▶ _WORK INSTRUCTIONS_
Give back an exact copy of the lines in the records below, from the line that has "#36=DIRECTION('',(-1.,0.,0.));" through the line that has "#45=FACE_BOUND('',#44,.T.);", and nothing besides.

▶ _Entries taken from a collection_
[Start of Attachment]
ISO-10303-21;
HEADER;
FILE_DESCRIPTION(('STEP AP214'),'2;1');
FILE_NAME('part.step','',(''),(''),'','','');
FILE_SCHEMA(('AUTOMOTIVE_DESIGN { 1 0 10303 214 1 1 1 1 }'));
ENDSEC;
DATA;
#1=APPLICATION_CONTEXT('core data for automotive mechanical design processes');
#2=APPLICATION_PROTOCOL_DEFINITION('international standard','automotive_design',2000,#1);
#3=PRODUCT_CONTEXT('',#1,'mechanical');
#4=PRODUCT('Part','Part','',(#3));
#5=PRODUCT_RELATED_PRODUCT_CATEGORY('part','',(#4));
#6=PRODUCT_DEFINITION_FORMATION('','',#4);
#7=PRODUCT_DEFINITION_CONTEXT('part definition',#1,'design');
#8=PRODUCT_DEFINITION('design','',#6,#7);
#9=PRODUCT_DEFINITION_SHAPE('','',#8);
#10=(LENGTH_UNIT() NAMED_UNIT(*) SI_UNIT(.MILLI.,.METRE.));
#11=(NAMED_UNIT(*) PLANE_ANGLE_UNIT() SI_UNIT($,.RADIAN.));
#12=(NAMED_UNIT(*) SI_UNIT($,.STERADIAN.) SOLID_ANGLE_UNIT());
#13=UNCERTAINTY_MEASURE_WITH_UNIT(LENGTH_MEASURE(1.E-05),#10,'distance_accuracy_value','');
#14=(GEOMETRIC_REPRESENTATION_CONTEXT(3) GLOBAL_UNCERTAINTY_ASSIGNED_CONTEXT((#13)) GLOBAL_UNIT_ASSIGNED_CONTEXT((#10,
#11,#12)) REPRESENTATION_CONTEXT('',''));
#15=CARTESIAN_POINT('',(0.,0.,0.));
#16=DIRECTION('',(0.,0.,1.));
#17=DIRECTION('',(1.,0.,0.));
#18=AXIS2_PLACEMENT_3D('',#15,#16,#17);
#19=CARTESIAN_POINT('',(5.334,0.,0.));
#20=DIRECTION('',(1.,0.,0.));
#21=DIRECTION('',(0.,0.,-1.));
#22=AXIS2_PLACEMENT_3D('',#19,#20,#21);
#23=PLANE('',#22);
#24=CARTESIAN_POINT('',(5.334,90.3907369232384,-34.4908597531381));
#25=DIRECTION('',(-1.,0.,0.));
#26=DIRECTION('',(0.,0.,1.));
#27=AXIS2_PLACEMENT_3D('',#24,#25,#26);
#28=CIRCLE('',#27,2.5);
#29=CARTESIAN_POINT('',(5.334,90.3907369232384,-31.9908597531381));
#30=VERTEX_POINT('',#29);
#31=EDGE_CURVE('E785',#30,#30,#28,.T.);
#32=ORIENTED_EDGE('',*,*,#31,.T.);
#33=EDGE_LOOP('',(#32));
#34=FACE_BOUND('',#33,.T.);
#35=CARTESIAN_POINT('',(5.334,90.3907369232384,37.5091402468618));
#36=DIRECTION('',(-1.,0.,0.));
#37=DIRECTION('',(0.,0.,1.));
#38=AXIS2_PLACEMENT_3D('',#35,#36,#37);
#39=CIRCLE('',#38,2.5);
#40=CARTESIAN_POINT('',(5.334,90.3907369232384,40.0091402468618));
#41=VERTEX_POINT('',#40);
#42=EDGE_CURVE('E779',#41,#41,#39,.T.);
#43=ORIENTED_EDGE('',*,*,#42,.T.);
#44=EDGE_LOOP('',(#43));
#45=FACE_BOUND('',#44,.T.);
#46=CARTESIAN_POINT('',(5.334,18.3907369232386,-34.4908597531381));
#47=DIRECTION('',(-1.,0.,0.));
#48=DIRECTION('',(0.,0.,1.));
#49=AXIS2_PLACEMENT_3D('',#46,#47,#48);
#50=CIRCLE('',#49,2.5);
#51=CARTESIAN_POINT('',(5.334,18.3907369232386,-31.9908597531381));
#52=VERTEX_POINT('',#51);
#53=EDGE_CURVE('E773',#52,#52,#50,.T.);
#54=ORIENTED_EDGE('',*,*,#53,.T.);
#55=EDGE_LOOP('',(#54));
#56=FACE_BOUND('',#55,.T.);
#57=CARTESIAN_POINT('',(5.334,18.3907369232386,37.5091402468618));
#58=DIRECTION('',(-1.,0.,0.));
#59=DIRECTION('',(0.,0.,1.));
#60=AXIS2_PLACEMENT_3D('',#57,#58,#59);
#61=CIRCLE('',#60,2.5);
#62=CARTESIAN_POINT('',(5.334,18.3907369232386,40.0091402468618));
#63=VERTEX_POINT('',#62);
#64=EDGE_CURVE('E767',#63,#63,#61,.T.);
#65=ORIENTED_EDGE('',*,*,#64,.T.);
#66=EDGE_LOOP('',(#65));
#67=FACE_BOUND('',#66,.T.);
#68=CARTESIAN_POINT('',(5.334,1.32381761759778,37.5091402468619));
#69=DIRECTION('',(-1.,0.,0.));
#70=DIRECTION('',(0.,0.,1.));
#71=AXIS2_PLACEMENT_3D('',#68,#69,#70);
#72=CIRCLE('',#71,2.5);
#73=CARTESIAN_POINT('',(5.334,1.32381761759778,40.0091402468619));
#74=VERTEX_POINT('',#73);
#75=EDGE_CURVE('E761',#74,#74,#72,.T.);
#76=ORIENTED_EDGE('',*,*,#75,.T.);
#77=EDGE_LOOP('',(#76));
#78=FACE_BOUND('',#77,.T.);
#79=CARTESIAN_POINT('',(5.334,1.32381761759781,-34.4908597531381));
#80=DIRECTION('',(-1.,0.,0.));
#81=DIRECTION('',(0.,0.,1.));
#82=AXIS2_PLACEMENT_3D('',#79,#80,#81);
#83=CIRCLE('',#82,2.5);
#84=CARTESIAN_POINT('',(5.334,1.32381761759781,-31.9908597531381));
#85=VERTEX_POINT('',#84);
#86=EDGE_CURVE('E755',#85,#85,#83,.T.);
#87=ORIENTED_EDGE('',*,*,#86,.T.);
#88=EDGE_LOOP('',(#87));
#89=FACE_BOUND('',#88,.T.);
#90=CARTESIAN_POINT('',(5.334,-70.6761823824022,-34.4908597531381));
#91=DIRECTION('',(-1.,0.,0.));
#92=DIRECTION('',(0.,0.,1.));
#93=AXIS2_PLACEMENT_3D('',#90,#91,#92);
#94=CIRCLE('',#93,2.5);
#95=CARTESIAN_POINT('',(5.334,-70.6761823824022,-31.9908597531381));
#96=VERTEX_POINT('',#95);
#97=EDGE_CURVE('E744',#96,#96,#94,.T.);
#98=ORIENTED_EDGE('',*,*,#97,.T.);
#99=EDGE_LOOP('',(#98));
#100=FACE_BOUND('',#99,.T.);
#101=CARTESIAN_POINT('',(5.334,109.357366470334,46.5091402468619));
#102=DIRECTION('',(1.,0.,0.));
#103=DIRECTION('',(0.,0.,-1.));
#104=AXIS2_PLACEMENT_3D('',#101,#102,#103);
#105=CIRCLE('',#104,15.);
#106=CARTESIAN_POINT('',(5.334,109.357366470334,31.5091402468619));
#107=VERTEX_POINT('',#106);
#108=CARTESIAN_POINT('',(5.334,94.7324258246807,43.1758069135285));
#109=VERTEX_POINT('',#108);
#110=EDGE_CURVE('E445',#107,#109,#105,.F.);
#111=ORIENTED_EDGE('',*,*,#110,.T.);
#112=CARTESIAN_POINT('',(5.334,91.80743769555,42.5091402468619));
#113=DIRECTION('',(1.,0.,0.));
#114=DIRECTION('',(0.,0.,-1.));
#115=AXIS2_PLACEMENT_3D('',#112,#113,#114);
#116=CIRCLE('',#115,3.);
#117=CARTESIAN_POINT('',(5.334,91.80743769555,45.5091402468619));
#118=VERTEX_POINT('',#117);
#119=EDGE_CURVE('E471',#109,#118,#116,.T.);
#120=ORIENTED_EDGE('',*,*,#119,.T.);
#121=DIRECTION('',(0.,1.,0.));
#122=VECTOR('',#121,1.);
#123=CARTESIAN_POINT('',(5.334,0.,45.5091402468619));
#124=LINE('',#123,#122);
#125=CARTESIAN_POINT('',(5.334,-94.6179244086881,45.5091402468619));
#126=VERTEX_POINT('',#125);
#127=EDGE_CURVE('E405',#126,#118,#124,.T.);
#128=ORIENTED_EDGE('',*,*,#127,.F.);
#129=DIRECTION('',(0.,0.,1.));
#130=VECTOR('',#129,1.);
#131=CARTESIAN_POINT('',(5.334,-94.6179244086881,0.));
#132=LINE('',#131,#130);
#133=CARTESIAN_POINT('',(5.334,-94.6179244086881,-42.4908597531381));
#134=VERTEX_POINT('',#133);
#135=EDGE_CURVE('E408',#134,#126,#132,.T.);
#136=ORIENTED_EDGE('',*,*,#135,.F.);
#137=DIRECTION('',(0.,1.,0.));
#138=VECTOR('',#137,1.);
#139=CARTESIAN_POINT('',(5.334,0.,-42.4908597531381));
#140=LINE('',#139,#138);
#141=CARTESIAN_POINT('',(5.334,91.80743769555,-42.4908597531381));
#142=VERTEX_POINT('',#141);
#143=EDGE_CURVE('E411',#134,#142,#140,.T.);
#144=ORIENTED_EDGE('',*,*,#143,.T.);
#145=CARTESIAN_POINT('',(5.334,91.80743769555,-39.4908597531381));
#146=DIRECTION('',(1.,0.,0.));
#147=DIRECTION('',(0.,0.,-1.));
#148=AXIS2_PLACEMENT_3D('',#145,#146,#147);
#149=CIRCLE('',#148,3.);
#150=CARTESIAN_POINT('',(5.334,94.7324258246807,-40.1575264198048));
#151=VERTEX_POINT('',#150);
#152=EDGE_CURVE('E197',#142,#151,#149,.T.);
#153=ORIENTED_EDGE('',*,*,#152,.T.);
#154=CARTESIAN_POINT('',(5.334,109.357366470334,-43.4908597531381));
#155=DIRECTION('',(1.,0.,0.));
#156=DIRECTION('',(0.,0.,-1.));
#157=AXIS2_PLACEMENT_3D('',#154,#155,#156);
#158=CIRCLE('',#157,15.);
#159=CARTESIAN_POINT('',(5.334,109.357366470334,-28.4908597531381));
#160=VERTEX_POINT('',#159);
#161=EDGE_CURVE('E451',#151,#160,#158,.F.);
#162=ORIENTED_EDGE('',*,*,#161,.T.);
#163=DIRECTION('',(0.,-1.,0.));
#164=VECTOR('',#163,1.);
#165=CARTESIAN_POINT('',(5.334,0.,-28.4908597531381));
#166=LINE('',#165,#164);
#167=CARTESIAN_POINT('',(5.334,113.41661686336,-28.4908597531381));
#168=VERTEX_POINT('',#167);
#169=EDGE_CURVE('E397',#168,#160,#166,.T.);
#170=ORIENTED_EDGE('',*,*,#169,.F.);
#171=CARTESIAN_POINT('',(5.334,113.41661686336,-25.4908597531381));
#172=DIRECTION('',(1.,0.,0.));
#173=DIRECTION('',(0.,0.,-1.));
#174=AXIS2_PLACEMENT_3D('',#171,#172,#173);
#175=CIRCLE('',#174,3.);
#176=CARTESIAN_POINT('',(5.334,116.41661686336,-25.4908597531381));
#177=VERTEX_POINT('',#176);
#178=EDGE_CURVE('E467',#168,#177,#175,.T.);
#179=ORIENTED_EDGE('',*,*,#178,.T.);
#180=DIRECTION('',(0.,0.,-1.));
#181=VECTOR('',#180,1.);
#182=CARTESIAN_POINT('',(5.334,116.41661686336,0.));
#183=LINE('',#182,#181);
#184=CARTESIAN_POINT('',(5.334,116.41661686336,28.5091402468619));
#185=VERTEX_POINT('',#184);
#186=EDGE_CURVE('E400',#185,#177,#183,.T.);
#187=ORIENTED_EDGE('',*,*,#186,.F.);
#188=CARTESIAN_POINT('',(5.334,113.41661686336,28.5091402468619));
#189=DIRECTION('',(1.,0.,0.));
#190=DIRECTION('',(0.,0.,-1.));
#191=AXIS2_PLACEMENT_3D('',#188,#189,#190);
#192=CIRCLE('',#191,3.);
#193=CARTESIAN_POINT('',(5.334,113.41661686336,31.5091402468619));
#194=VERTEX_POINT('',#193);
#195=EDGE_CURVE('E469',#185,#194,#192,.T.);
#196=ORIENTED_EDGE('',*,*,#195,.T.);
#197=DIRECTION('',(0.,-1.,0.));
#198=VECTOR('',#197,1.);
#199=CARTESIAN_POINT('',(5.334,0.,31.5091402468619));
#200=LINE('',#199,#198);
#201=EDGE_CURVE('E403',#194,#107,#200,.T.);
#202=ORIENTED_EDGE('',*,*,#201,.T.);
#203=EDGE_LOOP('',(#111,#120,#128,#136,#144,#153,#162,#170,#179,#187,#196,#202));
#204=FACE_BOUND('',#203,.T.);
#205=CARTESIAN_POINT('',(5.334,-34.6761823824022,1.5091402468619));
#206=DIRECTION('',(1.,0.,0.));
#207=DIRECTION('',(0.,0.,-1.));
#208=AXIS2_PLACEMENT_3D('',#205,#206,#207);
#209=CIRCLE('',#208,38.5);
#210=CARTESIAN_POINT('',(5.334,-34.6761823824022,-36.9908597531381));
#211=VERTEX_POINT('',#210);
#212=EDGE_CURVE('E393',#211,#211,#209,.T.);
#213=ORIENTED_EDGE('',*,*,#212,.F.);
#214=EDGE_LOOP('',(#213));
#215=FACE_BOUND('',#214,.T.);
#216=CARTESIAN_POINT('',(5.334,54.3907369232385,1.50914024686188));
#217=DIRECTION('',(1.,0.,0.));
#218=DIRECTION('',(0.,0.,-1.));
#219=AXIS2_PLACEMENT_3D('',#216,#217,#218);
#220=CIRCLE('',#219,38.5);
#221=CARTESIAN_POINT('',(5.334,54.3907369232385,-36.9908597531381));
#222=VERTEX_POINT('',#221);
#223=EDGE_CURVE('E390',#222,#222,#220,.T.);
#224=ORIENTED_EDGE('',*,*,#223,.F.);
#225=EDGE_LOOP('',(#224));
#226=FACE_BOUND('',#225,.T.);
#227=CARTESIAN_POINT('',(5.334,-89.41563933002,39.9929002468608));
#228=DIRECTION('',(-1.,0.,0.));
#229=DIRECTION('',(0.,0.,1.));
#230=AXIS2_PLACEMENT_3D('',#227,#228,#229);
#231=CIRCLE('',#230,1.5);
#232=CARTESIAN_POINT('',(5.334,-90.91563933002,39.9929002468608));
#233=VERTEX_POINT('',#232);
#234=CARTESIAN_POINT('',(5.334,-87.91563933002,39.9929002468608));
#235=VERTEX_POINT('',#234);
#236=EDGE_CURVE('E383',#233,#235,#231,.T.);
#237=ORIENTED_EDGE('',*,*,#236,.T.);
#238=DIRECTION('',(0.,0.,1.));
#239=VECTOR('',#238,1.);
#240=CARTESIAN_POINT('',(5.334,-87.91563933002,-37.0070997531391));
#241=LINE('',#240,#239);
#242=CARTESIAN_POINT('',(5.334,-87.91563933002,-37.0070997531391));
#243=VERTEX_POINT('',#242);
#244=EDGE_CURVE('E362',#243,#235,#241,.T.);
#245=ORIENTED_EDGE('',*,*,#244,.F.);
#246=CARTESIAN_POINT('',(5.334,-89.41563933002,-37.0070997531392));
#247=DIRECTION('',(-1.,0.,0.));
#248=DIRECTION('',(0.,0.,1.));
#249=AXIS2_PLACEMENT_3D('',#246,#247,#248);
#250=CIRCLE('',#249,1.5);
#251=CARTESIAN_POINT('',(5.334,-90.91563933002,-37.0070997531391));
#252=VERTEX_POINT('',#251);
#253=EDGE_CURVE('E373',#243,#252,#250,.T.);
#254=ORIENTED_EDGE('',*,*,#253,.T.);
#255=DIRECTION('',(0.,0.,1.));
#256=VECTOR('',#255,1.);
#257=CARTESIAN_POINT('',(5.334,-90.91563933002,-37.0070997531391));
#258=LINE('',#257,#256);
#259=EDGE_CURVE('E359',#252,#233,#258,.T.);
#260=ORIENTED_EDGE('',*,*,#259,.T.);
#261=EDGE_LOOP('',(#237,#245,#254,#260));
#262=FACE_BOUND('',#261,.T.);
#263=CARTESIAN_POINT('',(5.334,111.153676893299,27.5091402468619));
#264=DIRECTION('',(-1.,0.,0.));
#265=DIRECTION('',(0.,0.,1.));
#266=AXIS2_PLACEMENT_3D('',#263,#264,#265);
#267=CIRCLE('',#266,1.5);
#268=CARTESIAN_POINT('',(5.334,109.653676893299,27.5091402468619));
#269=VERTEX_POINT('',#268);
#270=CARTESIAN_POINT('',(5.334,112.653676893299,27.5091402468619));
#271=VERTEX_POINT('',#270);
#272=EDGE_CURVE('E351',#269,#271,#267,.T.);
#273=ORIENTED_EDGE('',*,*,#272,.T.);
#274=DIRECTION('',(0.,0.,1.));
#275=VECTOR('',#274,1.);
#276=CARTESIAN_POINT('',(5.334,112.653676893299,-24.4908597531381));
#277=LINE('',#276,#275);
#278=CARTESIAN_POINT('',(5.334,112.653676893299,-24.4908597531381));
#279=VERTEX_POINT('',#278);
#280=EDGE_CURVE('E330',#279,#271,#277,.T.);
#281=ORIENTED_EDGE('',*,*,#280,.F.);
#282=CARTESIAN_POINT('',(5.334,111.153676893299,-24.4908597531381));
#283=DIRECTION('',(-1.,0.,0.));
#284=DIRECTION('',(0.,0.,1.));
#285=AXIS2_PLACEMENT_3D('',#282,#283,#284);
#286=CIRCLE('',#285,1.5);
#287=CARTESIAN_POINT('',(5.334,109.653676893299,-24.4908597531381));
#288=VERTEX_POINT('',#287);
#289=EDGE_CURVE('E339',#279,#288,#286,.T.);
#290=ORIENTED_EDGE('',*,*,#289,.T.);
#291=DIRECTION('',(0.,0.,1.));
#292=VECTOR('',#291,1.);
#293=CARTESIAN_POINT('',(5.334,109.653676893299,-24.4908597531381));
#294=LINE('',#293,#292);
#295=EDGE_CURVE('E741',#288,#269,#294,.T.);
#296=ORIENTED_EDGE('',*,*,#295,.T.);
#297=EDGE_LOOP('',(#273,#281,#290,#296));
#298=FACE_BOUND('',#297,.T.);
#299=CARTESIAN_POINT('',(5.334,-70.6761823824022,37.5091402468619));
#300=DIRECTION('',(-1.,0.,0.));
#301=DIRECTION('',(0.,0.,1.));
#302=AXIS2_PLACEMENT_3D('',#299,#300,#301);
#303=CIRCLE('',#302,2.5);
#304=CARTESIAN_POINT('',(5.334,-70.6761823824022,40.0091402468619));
[End of Attachment]
▶ _ANSWER SECTION_
#36=DIRECTION('',(-1.,0.,0.));
#37=DIRECTION('',(0.,0.,1.));
#38=AXIS2_PLACEMENT_3D('',#35,#36,#37);
#39=CIRCLE('',#38,2.5);
#40=CARTESIAN_POINT('',(5.334,90.3907369232384,40.0091402468618));
#41=VERTEX_POINT('',#40);
#42=EDGE_CURVE('E779',#41,#41,#39,.T.);
#43=ORIENTED_EDGE('',*,*,#42,.T.);
#44=EDGE_LOOP('',(#43));
#45=FACE_BOUND('',#44,.T.);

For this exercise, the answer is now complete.